2. Unhaltbare Mehrausgaben
Im Voranschlag 2013 sind bereits 71,4 Mio. CHF für die Integration von Ausländern eingeplant. Doch dies ist dem Bundesrat noch nicht genug. Er will die Ausgaben für den Bereich Integration jährlich um 20,7 Mio. CHF erhöhen. Somit würden sich die Bundesausgaben mit der Annahme dieser Vorlage auf jährlich 91,4 Mio. CHF belaufen. Die Erhöhung der Bundesmittel ist darüber hinaus an die grundsätzliche Bedingung geknüpft, dass auch die Kantone ihre Mittel für die spezifische Integrationsförderung entsprechend erhöhen. Diese Verpflichtung der Kantone, bei der Aufstockung der Fördergelder nachzuziehen, ist sowohl aus finanzpolitischer, wie auch aus föderalistischer Sicht völlig inakzeptabel. Bereits heute geben die Kantone und Gemeinden rund 70 Mio. CHF pro Jahr für die Integrationsförderung aus. Wenn diese nun aufgrund des Druckes von Bundesebene ebenfalls um gut 20 Mio. CHF erhöht würden, so käme man zusammen mit den aufgestockten Geldern des Bundes auf über 180 Mio. CHF pro Jahr! Und dies sind nur die offiziellen staatlichen Kosten. In den Schulen, den Sozialbehörden oder im Strafvollzug kommen noch weitere hohe Kosten dazu – für einen Bereich, der keine Staatsaufgabe darstellt und dessen Verankerung in der Bundesverfassung vom Schweizer Stimmvolk abgelehnt wurde.
3. Aushebelung des Föderalismus
Die Vorlage des Bundesrates nimmt vor allem auch die Kantone, die Gemeinden und die Arbeitgeber auf Gesetzesstufe verstärkt in die Pflicht. Damit werden der Föderalismus und die Autonomie der Kantone und Gemeinden einmal mehr durch Bundesvorschriften ausgehebelt. Wie oben erwähnt, werden die Kostenfolgen für die Gemeinden und Kantone enorm sein. Insbesondere, da die Bundesgelder nur gesprochen werden, wenn auch die Kantone ihre Mittel heraufsetzen. Die Vorlage des Bundesrates ist gespickt mit Aufträgen an die Kantone, wie die Integrationsförderung konkret auszusehen habe. Dabei wissen die Gemeinden und Kantone am besten, was für ihre Bevölkerung sinnvoll ist und was nicht.

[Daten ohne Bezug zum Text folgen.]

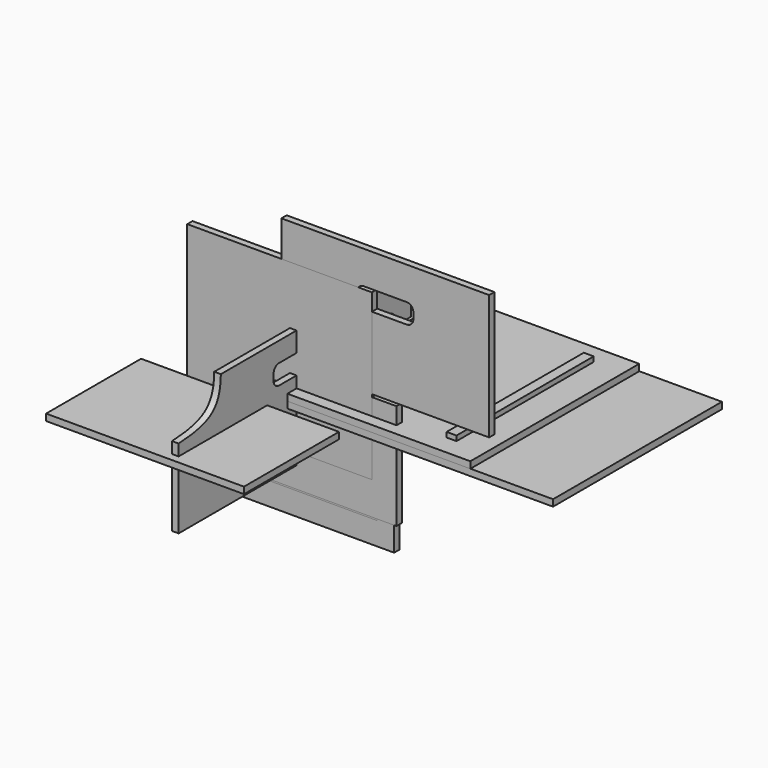
from build123d import *

# Parameters (mm, degrees)
F0_W      = 558.8
F0_H      = 406.4
F0_W_2    = 457.2
F0_H_2    = 19.05
F0_W_3    = 19.05
F0_H_3    = 241.3
F1_DEPTH  = 12.7
F2_DEPTH  = 22.225
F3_DEPTH  = 22.225
F4_DEPTH  = 22.225
F5_W      = 457.2
F5_H      = 406.4
F5_W_2    = 19.05
F5_H_2    = 330.2
F6_DEPTH  = 12.7
F7_DEPTH  = 22.225
F8_DEPTH  = 22.225
F9_W      = 406.4
F9_H      = 165.1
F10_DEPTH = 12.7
F12_DEPTH = 12.7
F13_W     = 381
F13_H     = 228.6
F14_DEPTH = 12.7
F15_W     = 400.05
F15_H     = 241.3
F16_DEPTH = 12.7
F17_W     = 317.5
F17_H     = 203.2
F18_DEPTH = 12.7
F19_W     = 381
F19_H     = 203.2
F20_DEPTH = 12.7
F21_W     = 355.6
F21_H     = 317.5
F22_DEPTH = 12.7


with BuildPart() as f1:
    # F0 (on Top) → F1 (new body)
    with BuildSketch(Plane.XY):
        with Locations((244.6383737266, 168.6325731099)):
            Rectangle(F0_W, F0_H)
        with Locations((206.5383737266, 0.3575731099)):
            Rectangle(F0_W_2, F0_H_2, mode=Mode.SUBTRACT)
        with Locations((206.5383737266, 336.9075731099)):
            Rectangle(F0_W_2, F0_H_2, mode=Mode.SUBTRACT)
        with Locations((489.1133737266, 168.6325731099)):
            Rectangle(F0_W_3, F0_H_3, mode=Mode.SUBTRACT)
    extrude(amount=-F1_DEPTH)

    # F0 (on Top) → F2 (join)
    with BuildSketch(Plane.XY):
        with Locations((206.5383737266, 336.9075731099)):
            Rectangle(F0_W_2, F0_H_2)
    extrude(amount=-F2_DEPTH)

    # F0 (on Top) → F3 (join)
    with BuildSketch(Plane.XY):
        with Locations((489.1133737266, 168.6325731099)):
            Rectangle(F0_W_3, F0_H_3)
    extrude(amount=-F3_DEPTH)

    # F0 (on Top) → F4 (join)
    with BuildSketch(Plane.XY):
        with Locations((206.5383737266, 0.3575731099)):
            Rectangle(F0_W_2, F0_H_2)
    extrude(amount=-F4_DEPTH)


with BuildPart() as f6:
    # F5 (on Top) → F6 (new body)
    with BuildSketch(Plane.XY):
        with Locations((136.398, 168.3692485094)):
            Rectangle(F5_W, F5_H)
        with Locations((9.525, 168.3692485094)):
            Rectangle(F5_W_2, F5_H_2, mode=Mode.SUBTRACT)
        with Locations((298.323, 168.3692485094)):
            Rectangle(F5_W_2, F5_H_2, mode=Mode.SUBTRACT)
    extrude(amount=F6_DEPTH)

    # F5 (on Top) → F7 (join)
    with BuildSketch(Plane.XY):
        with Locations((9.525, 168.3692485094)):
            Rectangle(F5_W_2, F5_H_2)
    extrude(amount=F7_DEPTH)

    # F5 (on Top) → F8 (join)
    with BuildSketch(Plane.XY):
        with Locations((298.323, 168.3692485094)):
            Rectangle(F5_W_2, F5_H_2)
    extrude(amount=F8_DEPTH)


with BuildPart() as f10:
    # F9 (on Front) → F10 (new body)
    with BuildSketch(Plane.XZ):
        with Locations((-2.5245882571, -122.1894112668)):
            Rectangle(F9_W, F9_H)
    extrude(amount=F10_DEPTH)


with BuildPart() as f12:
    # F11 (on Right) → F12 (new body)
    with BuildSketch(Plane.YZ):
        with BuildLine():
            Line((-106.0334625381, 110.8109265052), (-194.9334625381, 110.8109265052))
            add(Edge.make_bspline(
                [(-296.5334625381, 34.6109265052), (-215.7922492521, 38.1965605335), (-196.2180797117, 57.5377674894), (-194.9334625381, 110.8109265052)],
                knots=[0, 0, 0, 0, 127, 127, 127, 127], degree=3))
            Line((-296.5334625381, 34.6109265052), (-296.5334625381, -117.7890734948))
            Line((-296.5334625381, -117.7890734948), (-283.8334625381, -117.7890734948))
            Line((-283.8334625381, -117.7890734948), (173.3665374619, -117.7890734948))
            Line((173.3665374619, -117.7890734948), (217.8165374619, -117.7890734948))
            Line((217.8165374619, -117.7890734948), (236.8665374619, -117.7890734948))
            Line((236.8665374619, -117.7890734948), (262.2665374619, -117.7890734948))
            Line((262.2665374619, -117.7890734948), (262.2665374619, 110.8109265052))
            Line((262.2665374619, 110.8109265052), (205.1165374619, 110.8109265052))
            Line((205.1165374619, 110.8109265052), (186.0665374619, 110.8109265052))
            Line((186.0665374619, 110.8109265052), (-86.9834625381, 110.8109265052))
            Line((-86.9834625381, 110.8109265052), (-106.0334625381, 110.8109265052))
        make_face()
        with BuildLine():
            ThreePointArc((-67.9334625381, 60.0109265052), (-64.2137186591, 68.9911826263), (-55.2334625381, 72.7109265052))
            Line((-55.2334625381, 72.7109265052), (20.9665374619, 72.7109265052))
            ThreePointArc((20.9665374619, 72.7109265052), (29.946793583, 68.9911826263), (33.6665374619, 60.0109265052))
            Line((33.6665374619, 60.0109265052), (33.6665374619, 47.3109265052))
            ThreePointArc((33.6665374619, 47.3109265052), (29.946793583, 38.3306703841), (20.9665374619, 34.6109265052))
            Line((20.9665374619, 34.6109265052), (-55.2334625381, 34.6109265052))
            ThreePointArc((-55.2334625381, 34.6109265052), (-64.2137186591, 38.3306703841), (-67.9334625381, 47.3109265052))
            Line((-67.9334625381, 47.3109265052), (-67.9334625381, 60.0109265052))
        make_face(mode=Mode.SUBTRACT)
        with BuildLine():
            ThreePointArc((186.0665374619, 34.6109265052), (189.7862813409, 43.5911826263), (198.7665374619, 47.3109265052))
            Line((198.7665374619, 47.3109265052), (211.4665374619, 47.3109265052))
            ThreePointArc((211.4665374619, 47.3109265052), (220.446793583, 43.5911826263), (224.1665374619, 34.6109265052))
            Line((224.1665374619, 34.6109265052), (224.1665374619, -41.5890734948))
            ThreePointArc((224.1665374619, -41.5890734948), (220.446793583, -50.5693296159), (211.4665374619, -54.2890734948))
            Line((211.4665374619, -54.2890734948), (198.7665374619, -54.2890734948))
            ThreePointArc((198.7665374619, -54.2890734948), (189.7862813409, -50.5693296159), (186.0665374619, -41.5890734948))
            Line((186.0665374619, -41.5890734948), (186.0665374619, 34.6109265052))
        make_face(mode=Mode.SUBTRACT)
    extrude(amount=F12_DEPTH)


with BuildPart() as f14:
    # F13 (on Top) → F14 (new body)
    with BuildSketch(Plane.XY):
        with Locations((-39.6020258009, -197.6545680389)):
            Rectangle(F13_W, F13_H)
    extrude(amount=F14_DEPTH)


with BuildPart() as f16:
    # F15 (on Front) → F16 (new body)
    with BuildSketch(Plane.XZ):
        with Locations((183.5180822253, 170.7687626004)):
            Rectangle(F15_W, F15_H)
        with BuildLine():
            ThreePointArc((129.5430822253, 215.2187626004), (133.2628261043, 224.1990187215), (142.2430822253, 227.9187626004))
            Line((142.2430822253, 227.9187626004), (224.7930822253, 227.9187626004))
            ThreePointArc((224.7930822253, 227.9187626004), (233.7733383464, 224.1990187215), (237.4930822253, 215.2187626004))
            Line((237.4930822253, 215.2187626004), (237.4930822253, 202.5187626004))
            ThreePointArc((237.4930822253, 202.5187626004), (233.7733383464, 193.5385064794), (224.7930822253, 189.8187626004))
            Line((224.7930822253, 189.8187626004), (142.2430822253, 189.8187626004))
            ThreePointArc((142.2430822253, 189.8187626004), (133.2628261043, 193.5385064794), (129.5430822253, 202.5187626004))
            Line((129.5430822253, 202.5187626004), (129.5430822253, 215.2187626004))
        make_face(mode=Mode.SUBTRACT)
    extrude(amount=F16_DEPTH)


with BuildPart() as f18:
    # F17 (on Front) → F18 (new body)
    with BuildSketch(Plane.XZ):
        with Locations((8.9374314994, -59.3209858673)):
            Rectangle(F17_W, F17_H)
    extrude(amount=F18_DEPTH)


with BuildPart() as f20:
    # F19 (on Front) → F20 (new body)
    with BuildSketch(Plane.XZ):
        with Locations((14.6888829768, -56.5550823708)):
            Rectangle(F19_W, F19_H)
    extrude(amount=F20_DEPTH)


with BuildPart() as f22:
    # F21 (on Front) → F22 (new body)
    with BuildSketch(Plane.XZ):
        with Locations((-19.9289359152, 63.8950824002)):
            Rectangle(F21_W, F21_H)
    extrude(amount=F22_DEPTH)


solid = Compound([f1.part, f6.part, f10.part, f12.part, f14.part, f16.part, f18.part, f20.part, f22.part])

Als Standesvertreter ist die Vorlage für mich daher in dieser Form unhaltbar.
4. Rechtsanspruch auf Niederlassungsbewilligung
Mit der Bundesrats-Vorlage soll ein Rechtsanspruch auf eine Niederlas-sungsbewilligung geschaffen und gesetzlich verankert werden. Die Überprüfung der dafür nötigen „Integration“ bleibt dabei Auslegungssache. Die Niederlassungsbewilligung wird unbefristet und ohne Bedingungen erteilt. Somit kann sie auch bei Nichterfüllung der Integrationskriterien nicht mehr entzogen werden. Mit Beschwerden durch alle Instanzen könnten Niederlassungsgesuche bis ans Bundesgericht gezogen werden. Damit entsteht eine eigentliche Kaskade von Rechtsansprüchen der Ausländer an den Staat. Im gleichen Sinne gibt es Bestrebungen für einen Rechtsanspruch auf Einbürgerung. Die Autonomie der Kantone in der Ausländerpolitik wird mit solchen Bundesgesetzen immer mehr von den eidgenössischen Behörden und dem Bundesgericht beschnitten.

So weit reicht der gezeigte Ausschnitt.